# Learning Calculus - Finding turning points.

• December 5th 2011, 04:52 AM
Rastanking
Learning Calculus - Finding turning points.
Hi everyone,

I'm trying to teach myself calculus and have come across this problem.

I have a function of x

f(x) = x^3 + 5x^2 - 8x - 12

so I set this to zero by

f'(x) = 3x^2 + 10x - 8 = 0

then the book I'm using says that I can find the local values of x for min and max and these should be x1 = 0.667 and x2 = -4.000 but it doesn't say how these figures are reached.

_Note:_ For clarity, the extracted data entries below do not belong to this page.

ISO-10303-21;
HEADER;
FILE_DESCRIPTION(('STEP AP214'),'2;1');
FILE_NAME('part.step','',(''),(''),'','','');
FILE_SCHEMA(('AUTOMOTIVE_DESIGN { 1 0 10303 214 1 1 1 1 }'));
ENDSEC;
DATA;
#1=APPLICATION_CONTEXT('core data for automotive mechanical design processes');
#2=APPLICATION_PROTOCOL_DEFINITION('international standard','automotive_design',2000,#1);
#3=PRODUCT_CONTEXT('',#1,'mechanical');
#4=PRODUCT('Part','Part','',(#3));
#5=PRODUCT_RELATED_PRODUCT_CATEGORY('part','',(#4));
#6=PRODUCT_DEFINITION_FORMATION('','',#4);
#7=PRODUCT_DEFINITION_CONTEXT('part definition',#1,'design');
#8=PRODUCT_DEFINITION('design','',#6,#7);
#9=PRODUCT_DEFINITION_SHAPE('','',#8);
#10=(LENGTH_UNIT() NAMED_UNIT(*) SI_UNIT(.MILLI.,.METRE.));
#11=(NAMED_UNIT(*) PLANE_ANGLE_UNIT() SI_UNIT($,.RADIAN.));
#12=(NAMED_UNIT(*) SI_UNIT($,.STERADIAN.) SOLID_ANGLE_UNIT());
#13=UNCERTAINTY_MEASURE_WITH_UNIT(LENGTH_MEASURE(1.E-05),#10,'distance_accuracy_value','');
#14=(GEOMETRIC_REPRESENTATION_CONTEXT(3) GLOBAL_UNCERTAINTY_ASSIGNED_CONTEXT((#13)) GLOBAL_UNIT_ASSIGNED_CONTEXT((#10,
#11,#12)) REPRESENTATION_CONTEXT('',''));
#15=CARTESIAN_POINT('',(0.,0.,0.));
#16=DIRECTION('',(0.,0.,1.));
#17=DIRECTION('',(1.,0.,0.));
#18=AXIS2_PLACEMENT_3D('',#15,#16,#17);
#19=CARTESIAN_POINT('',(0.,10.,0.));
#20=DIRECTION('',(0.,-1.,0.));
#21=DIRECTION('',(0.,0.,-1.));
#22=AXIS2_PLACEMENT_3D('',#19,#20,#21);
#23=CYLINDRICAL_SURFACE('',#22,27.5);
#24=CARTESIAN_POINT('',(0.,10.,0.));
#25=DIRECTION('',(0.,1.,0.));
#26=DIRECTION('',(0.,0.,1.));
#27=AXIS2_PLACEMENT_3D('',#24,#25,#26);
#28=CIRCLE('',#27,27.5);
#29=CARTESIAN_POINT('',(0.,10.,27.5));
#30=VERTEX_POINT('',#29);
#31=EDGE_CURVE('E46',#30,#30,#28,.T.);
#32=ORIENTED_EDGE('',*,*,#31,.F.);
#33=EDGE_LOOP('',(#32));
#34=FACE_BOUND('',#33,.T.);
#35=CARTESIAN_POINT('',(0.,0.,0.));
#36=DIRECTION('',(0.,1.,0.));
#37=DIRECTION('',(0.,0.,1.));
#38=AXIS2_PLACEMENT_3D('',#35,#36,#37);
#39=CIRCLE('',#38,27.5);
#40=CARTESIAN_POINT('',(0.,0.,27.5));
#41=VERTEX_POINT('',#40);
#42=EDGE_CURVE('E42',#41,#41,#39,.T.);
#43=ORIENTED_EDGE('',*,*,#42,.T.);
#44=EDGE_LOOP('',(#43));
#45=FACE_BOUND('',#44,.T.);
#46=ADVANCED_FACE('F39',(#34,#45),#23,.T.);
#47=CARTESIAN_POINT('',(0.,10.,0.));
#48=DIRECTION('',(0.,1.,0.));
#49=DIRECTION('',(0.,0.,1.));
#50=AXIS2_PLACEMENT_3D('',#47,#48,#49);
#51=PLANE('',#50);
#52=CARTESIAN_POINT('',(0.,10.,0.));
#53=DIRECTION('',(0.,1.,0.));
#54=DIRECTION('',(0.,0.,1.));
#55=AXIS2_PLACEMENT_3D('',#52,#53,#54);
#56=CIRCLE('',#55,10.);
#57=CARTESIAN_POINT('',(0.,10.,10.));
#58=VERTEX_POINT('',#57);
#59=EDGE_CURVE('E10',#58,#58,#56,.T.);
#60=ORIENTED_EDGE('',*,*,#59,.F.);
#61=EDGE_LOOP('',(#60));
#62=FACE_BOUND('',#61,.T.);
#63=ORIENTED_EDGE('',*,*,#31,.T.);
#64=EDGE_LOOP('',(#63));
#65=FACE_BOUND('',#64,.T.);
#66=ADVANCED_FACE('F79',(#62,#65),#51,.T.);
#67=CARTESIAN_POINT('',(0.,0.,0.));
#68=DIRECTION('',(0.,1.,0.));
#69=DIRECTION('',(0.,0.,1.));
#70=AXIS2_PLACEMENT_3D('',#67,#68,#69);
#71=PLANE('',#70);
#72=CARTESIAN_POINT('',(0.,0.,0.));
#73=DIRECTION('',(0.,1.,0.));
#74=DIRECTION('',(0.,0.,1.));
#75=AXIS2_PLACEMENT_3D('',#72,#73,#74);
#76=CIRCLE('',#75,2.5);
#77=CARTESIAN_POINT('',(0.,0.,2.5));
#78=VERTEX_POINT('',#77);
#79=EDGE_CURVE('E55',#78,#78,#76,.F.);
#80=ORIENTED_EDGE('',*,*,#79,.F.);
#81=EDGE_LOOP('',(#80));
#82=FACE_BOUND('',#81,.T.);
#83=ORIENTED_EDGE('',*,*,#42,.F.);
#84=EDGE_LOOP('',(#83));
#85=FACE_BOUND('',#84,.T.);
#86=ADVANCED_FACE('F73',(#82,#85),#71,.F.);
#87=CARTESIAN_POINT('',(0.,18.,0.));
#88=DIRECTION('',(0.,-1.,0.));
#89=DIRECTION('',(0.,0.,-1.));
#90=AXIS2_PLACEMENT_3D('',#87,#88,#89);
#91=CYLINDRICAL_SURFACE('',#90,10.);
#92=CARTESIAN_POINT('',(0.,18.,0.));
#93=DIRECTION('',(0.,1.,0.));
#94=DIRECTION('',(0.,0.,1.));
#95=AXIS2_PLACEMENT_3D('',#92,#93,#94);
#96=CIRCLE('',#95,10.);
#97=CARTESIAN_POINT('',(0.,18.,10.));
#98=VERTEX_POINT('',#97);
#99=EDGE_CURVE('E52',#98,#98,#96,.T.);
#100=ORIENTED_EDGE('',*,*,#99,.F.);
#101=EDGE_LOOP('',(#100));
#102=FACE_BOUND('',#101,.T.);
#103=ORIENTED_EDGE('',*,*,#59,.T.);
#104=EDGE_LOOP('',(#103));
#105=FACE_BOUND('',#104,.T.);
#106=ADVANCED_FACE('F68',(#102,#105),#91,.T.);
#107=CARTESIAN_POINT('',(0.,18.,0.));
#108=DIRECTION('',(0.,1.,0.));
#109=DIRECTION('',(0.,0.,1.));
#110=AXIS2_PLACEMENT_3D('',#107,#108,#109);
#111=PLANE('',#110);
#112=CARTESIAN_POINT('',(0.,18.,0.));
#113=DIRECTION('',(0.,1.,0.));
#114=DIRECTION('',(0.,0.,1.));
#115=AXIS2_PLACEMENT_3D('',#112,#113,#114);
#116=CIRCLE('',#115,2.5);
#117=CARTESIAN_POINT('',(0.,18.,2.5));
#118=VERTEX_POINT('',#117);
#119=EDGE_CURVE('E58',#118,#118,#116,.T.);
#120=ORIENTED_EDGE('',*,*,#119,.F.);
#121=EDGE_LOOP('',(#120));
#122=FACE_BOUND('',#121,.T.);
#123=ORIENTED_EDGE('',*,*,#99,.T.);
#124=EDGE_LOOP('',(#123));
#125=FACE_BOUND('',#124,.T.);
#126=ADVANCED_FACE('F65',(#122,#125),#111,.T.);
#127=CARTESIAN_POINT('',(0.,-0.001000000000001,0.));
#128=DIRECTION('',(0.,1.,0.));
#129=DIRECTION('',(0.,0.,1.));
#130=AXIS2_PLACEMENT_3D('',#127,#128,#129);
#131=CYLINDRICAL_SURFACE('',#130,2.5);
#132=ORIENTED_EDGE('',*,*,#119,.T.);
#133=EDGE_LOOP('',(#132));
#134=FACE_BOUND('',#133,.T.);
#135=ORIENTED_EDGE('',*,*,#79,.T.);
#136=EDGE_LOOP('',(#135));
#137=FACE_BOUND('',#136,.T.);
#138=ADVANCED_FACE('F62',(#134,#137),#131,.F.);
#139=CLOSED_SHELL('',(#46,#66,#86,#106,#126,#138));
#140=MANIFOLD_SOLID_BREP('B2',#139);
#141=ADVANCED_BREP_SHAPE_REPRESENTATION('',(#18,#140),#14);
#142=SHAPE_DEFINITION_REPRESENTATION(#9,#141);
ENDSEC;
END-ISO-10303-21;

Could someone guide me in the right direction please.

Andy
• December 5th 2011, 05:00 AM
e^(i*pi)
Re: Learning Calculus
Quote:

Originally Posted by Rastanking
Hi everyone,

I'm trying to teach myself calculus and have come across this problem.

I have a function of x

f(x) = x^3 + 5x^2 - 8x - 12

so I set this to zero by

f'(x) = 3x^2 + 10x - 8 = 0

then the book I'm using says that I can find the local values of x for min and max and these should be x1 = 0.667 and x2 = -4.000 but it doesn't say how these figures are reached.

Could someone guide me in the right direction please.

Andy

By solving $f'(x) = 0$ - in this case using your favourite method for solving quadratic equations
• December 5th 2011, 05:07 AM
Re: Learning Calculus
Quote:

Originally Posted by Rastanking
Hi everyone,

I'm trying to teach myself calculus and have come across this problem.

I have a function of x

f(x) = x^3 + 5x^2 - 8x - 12

so I set this to zero by

f'(x) = 3x^2 + 10x - 8 = 0

then the book I'm using says that I can find the local values of x for min and max and these should be x1 = 0.667 and x2 = -4.000 but it doesn't say how these figures are reached.

Could someone guide me in the right direction please.

Andy

When you have a quadratic equation of the form

$ax^2+bx+c=0$

The "x" solutions are simple to see if you can write your sum of 3 terms as a product by factoring to

$(3x+?)(x+?)=0$

We take the factors of -8 that sum to 10 when multiplying out the brackets.
This is (3)4+1(-2) and so

$3x^2+10x-8=0\Rightarrow\ (3x-2)(x+4)=0$

Since 0(anything)=0

then those factors are giving you the 2 solutions

$3x-2=0$

$x+4=0$

Alternatively,

for $ax^2+bx+c=0$

$x=\frac{-b\pm\sqrt{b^2-4ac}}{2a}$
• December 5th 2011, 05:30 AM
Rastanking
Re: Learning Calculus
Thanks for the quick reply, it has been a great help. However the answers in the book are 0.667 and -4.000 but I end up with -1.33 and -2.

I'm either losing the plot entirely or having finger trouble, could someone possible check my maths please.
• December 5th 2011, 05:51 AM
Re: Learning Calculus
You should show how you are getting those answers.
Are you factoring or using the "quadratic formula" ?
• December 5th 2011, 06:01 AM
Rastanking
Re: Learning Calculus
I'm using the quadratic formula and ending up with -1.33 and -2
• December 5th 2011, 06:30 AM
Re: Learning Calculus
$f'(x)=0\Rightarrow\ 3x^2+10x-8=0$

$\Rightarrow\ a=3,\;\;b=10,\;\;c=-8$

$x=\frac{-b\pm\sqrt{b^2-4ac}}{2a}=\frac{-10\pm\sqrt{100-4(3)(-8)}}{6}$

$x=\frac{-10\pm\sqrt{196}}{6}$

$x_1=\frac{\sqrt{196}-10}{6}$

$x_2=\frac{-10-\sqrt{196}}{6}$

One of these is positive and the other is negative.

Your error was to take c=8 instead of minus 8.

$ax^2+bx+c=(3)x^2+(10)x+(-8)$
• December 5th 2011, 10:35 AM
Rastanking
Re: Learning Calculus
Many thanks again for your help, very much appreciated.